ImpRIF: Stronger Implicit Reasoning Leads to Better Complex Instruction Following
For LLM developers, this work shows that improving implicit reasoning can significantly boost complex instruction following, offering a practical approach to a known bottleneck.
The paper addresses the challenge of complex instruction following in LLMs by enhancing implicit reasoning. The proposed ImpRIF method, which uses reasoning graphs and graph-driven chain-of-thought, achieves substantial improvements over base models on five benchmarks.

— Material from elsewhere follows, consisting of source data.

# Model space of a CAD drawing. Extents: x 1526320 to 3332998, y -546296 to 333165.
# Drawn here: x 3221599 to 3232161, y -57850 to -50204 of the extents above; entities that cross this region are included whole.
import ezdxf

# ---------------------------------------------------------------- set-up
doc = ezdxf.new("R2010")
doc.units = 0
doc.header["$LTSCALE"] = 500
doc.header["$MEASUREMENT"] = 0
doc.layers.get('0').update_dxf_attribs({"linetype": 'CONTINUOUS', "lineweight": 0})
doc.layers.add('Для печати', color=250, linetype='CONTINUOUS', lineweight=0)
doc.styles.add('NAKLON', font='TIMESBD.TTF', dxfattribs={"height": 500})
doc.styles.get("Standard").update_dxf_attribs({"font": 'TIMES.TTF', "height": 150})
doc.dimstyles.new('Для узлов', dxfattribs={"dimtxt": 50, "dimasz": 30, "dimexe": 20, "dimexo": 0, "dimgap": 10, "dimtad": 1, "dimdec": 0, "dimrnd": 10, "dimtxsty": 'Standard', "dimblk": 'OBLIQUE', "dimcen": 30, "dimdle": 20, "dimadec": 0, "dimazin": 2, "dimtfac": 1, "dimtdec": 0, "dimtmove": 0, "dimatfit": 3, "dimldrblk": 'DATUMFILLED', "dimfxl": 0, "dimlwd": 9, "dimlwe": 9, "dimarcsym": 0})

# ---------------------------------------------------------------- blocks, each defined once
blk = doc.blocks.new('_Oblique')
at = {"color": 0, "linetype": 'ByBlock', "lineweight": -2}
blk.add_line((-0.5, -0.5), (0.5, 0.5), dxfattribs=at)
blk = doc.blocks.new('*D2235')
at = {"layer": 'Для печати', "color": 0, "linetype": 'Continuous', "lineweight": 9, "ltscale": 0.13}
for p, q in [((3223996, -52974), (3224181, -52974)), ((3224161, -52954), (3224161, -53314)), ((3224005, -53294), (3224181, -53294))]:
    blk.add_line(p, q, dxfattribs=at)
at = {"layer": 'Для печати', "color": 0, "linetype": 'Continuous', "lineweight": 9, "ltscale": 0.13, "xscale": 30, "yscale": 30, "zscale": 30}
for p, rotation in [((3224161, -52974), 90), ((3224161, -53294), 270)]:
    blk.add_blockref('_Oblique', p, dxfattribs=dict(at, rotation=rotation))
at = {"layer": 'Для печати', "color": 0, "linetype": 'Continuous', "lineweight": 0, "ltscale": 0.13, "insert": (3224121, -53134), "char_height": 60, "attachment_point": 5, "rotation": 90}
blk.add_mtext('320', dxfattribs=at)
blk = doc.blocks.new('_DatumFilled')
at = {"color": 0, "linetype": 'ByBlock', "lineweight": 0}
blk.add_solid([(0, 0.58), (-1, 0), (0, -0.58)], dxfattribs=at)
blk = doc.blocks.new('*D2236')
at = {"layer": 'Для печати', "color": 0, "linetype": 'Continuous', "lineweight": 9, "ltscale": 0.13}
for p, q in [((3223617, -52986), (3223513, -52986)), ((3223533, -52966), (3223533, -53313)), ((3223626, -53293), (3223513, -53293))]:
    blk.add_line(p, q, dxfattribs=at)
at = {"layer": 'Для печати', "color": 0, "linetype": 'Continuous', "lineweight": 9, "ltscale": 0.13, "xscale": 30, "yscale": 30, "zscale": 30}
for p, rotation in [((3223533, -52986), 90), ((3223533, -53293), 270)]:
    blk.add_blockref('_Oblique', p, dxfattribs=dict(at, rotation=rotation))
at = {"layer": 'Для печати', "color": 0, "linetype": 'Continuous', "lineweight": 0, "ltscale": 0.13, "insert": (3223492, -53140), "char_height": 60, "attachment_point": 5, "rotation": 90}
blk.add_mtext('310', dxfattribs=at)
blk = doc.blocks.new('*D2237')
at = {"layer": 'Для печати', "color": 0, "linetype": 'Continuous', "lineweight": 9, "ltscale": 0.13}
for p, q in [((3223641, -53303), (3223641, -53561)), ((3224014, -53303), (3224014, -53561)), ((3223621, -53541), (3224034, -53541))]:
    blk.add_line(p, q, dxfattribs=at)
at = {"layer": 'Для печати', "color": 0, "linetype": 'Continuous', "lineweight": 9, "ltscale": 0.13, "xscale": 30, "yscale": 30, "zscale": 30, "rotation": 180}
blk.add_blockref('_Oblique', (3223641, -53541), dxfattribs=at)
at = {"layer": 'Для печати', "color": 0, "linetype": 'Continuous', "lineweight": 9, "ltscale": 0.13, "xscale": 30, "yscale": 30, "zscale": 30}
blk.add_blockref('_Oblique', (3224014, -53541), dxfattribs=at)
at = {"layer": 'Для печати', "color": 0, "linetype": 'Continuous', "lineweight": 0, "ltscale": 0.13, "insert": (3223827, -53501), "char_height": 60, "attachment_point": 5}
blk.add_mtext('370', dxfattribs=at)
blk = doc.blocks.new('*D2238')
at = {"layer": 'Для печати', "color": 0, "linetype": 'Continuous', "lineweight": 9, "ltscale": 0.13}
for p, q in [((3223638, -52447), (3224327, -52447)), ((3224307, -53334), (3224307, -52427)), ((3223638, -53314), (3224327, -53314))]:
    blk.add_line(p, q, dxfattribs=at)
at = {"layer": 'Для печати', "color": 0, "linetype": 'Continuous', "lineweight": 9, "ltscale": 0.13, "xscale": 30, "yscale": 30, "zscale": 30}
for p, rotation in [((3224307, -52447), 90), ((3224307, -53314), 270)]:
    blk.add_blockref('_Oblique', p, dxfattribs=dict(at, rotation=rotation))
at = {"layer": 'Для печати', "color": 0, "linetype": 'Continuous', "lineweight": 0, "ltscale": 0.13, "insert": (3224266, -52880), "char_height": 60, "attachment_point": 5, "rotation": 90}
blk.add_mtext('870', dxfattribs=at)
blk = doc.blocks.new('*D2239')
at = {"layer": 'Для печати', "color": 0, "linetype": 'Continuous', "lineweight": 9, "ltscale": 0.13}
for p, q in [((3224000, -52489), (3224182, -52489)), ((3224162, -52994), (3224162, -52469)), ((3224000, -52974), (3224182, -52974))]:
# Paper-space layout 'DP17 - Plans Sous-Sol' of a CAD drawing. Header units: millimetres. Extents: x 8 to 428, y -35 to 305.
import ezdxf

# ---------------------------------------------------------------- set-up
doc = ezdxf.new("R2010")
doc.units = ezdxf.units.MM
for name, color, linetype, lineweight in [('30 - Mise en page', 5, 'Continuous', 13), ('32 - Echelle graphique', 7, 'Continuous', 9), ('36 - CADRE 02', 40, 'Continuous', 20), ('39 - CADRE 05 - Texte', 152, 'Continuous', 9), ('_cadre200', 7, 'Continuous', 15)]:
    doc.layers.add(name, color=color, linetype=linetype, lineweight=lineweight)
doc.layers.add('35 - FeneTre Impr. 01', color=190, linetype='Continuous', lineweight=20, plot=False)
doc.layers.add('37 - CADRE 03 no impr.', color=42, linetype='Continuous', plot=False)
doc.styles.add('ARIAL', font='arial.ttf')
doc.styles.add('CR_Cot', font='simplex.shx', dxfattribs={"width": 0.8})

As applications of large language models (LLMs) become increasingly complex, the demand for robust complex instruction following capabilities is growing accordingly. We argue that a thorough understanding of the instruction itself, especially the latent reasoning structure embedded between the lines, is crucial for improving instruction following. Therefore we target complex instructions that involve implicit reasoning, intricate logical relations, and multi-constraint dependencies. We propose ImpRIF, a method to enhance LLMs' understanding of implicit reasoning instructions, thereby improving its ability to follow complex instructions. We formalize such instructions as verifiable reasoning graphs, enabling programmatic verification and graph-driven chain-of-thought reasoning. Based on this formulation, we synthesize large-scale single- and multi-turn data, propose fine-tuning with graph reasoning, and apply reinforcement learning to explicitly train models to reason along the graph. On five complex instruction following benchmarks, our models substantially outperform their base models. These results demonstrate that enhancing implicit reasoning capabilities can significantly improve complex instruction following.